Mannykannot is correct that the full coefficient is dependent on the machine
and exact code. However, we can make some refinements based on the algorithms
alone.

Bubble sort is n² / 2, as it processes one less element per pass. This is a
pretty common pattern, so it's good to remember.

Insertion sort starts at zero elements and processes one extra element per
pass. So it's also n² / 2\. However, _on average_ each pass only needs to
process half the elements in order to find the correct insertion point. So
it's actually n² / 4\. If you use a binary search, it becomes n log n -- n
passes, each perform a log n binary search. (This is usually called _binary
insertion sort_.)

However, those numbers are in _comparisons_ , which is typically what sort
algorithms are measured by. It assumes that all memory operations are constant
time. But you might also want to keep track of swaps or other memory movement.
For instance, when you add the memory swaps back to the binary insertion sort,
it's O(n²) again, because it still has to perform an average of n / 2 swaps on
every pass -- O(n * (log n + n / 2)) = O(n²).
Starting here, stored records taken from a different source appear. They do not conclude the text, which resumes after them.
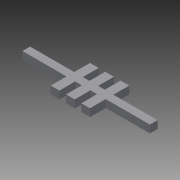
# Autodesk Inventor part: link1
Saved by Autodesk Inventor 2014 SP1 (Build 180222100, 222)
## iProperties
Created: 2015-02-17
Part Number: link1
Material: Generic
Document SubType Name: Modeling
Designer: Erin
Density: 1 g/cm^3
Appearance: Default
Author: Erin
Autodesk Inventor part; units mm, degrees
ref_plane "YZ Plane" through (0, 0, 0) normal (1, 0, 0) x (0, 1, 0)
ref_plane "XZ Plane" through (0, 0, 0) normal (0, 1, 0) x (-1, 0, 0)
ref_plane "XY Plane" through (0, 0, 0) normal (0, 0, 1) x (1, 0, 0)
sketch "tabs" plane through (0, 0, 0) normal (0, 0, 1) x (1, 0, 0)
  line L0 (15.6175, 17.0118) -> (18.7675, 17.0118)
  line L1 (18.7675, 17.0118) -> (18.7675, 10.7868)
  line L2 (18.7675, 10.7868) -> (15.6175, 10.7868)
  line L3 (15.6175, 10.7868) -> (15.6175, 17.0118)
  line L4 (21.8175, 17.0118) -> (24.9675, 17.0118)
  line L5 (24.9675, 17.0118) -> (24.9675, 10.7868)
  line L6 (24.9675, 10.7868) -> (21.8175, 10.7868)
  line L7 (21.8175, 10.7868) -> (21.8175, 17.0118)
  line L8 (28.0175, 17.0118) -> (31.1675, 17.0118)
  line L9 (31.1675, 17.0118) -> (31.1675, 10.7868)
  line L10 (31.1675, 10.7868) -> (28.0175, 10.7868)
  line L11 (28.0175, 10.7868) -> (28.0175, 17.0118)
  line L12 (23.3925, 10.7868) -> (23.3925, 8.8536) construction
  point P0 (23.3925, 12.1901)
  dimension "d2" = 3.15
  dimension "d3" = 3.05
  dimension "d4" = 3.05
  dimension "d5" = 6.225
  measures "d2" distance of L1.end L2.end
  measures "d3" distance between parallel lines of L7 L1
  measures "d4" distance between parallel lines of L11 L5
  measures "d5" distance of L2.end L0.start
sketch "Sketch1" plane through (0, 0, 0) normal (0, 0, 1) x (1, 0, 0)
  line L0 (-25, 1.55) -> (25, 1.55)
  line L1 (25, 1.55) -> (25, -1.55)
  line L2 (25, -1.55) -> (-25, -1.55)
  line L3 (-25, -1.55) -> (-25, 1.55)
  line L4 (0, 16.9043) -> (0, -20.0235) construction
  line L5 (-32.3473, 0) -> (40.4078, 0) construction
  line L6 (-7.775, 7.775) -> (-4.625, 7.775)
  line L7 (-4.625, 7.775) -> (-4.625, 1.55)
  line L8 (-4.625, 1.55) -> (-7.775, 1.55)
  line L9 (-7.775, 1.55) -> (-7.775, 7.775)
  line L10 (-1.575, 7.775) -> (1.575, 7.775)
  line L11 (1.575, 7.775) -> (1.575, 1.55)
  line L12 (1.575, 1.55) -> (-1.575, 1.55)
  line L13 (-1.575, 1.55) -> (-1.575, 7.775)
  line L14 (4.625, 7.775) -> (7.775, 7.775)
  line L15 (7.775, 7.775) -> (7.775, 1.55)
  line L16 (7.775, 1.55) -> (4.625, 1.55)
  line L17 (4.625, 1.55) -> (4.625, 7.775)
  line L18 (0, 1.55) -> (0, -0.3832) construction
  line L19 (-7.775, -1.55) -> (-4.625, -1.55)
  line L20 (-4.625, -1.55) -> (-4.625, -7.775)
  line L21 (-4.625, -7.775) -> (-7.775, -7.775)
  line L22 (-7.775, -7.775) -> (-7.775, -1.55)
  line L23 (-1.575, -1.55) -> (1.575, -1.55)
  line L24 (1.575, -1.55) -> (1.575, -7.775)
  line L25 (1.575, -7.775) -> (-1.575, -7.775)
  line L26 (-1.575, -7.775) -> (-1.575, -1.55)
  line L27 (4.625, -1.55) -> (7.775, -1.55)
  line L28 (7.775, -1.55) -> (7.775, -7.775)
  line L29 (7.775, -7.775) -> (4.625, -7.775)
  line L30 (4.625, -7.775) -> (4.625, -1.55)
  line L31 (0, -7.775) -> (0, -9.7082) construction
  point P0 (0, 0)
  point P1 (25, 0)
  dimension "d0" = 50
  dimension "d1" = 3.1
  constraints: 12 end point, 4 horizontal, 3 parallel, 3 vertical, 2 midpoint, 2 perpendicular, 1 horizontal alignment, 1 vertical alignment
  measures "d0" distance of L1.end L2.end
  measures "d1" distance of L0.end L1.end
extrude "Extrusion1" add sketch "Sketch1" along normal blind 3.1
equation "\"d2\" = mat + kerf"
equation "\"d3\" = mat - kerf"
equation "\"d4\" = mat - kerf"
equation "\"d5\" = 2 * mat + 0.5 * kerf"
equation "\"d1\" = mat"
equation "\"d6\" = mat"
equation "\"mat\" = 3.1"
equation "\"kerf\" = 0.05"
body "Solid1"

Choice of data structure can also make an impact. Insertion sort is not
awesome on memory arrays, because it has to perform a block copy for every
insert. However, on linked lists, that single-element shift happens for "free"
when you perform the insert.

------
jjuhl
The only situation where I've actually employed bubble sort in production code
was in a situation where the container to be sorted was guaranteed to be at
most 5 elements (and usually 3) and was usually already sorted - and calling
this sort was done _a lot_. All other sorts proved to have too much startup
overhead or too much code that bloated caches.. so yes, I wrote a bubble sort
to be used there and it performed quite well. But I would generally _never_
recommend bubble sort for 99.9% of cases - but just once in a blue moon it
actually _can_ be the right answer.

------
juancn
I re-discovered bubble sort when I was 12, with a deck of cards and a C64. It
wasn't until I got to college that I learned it had a name.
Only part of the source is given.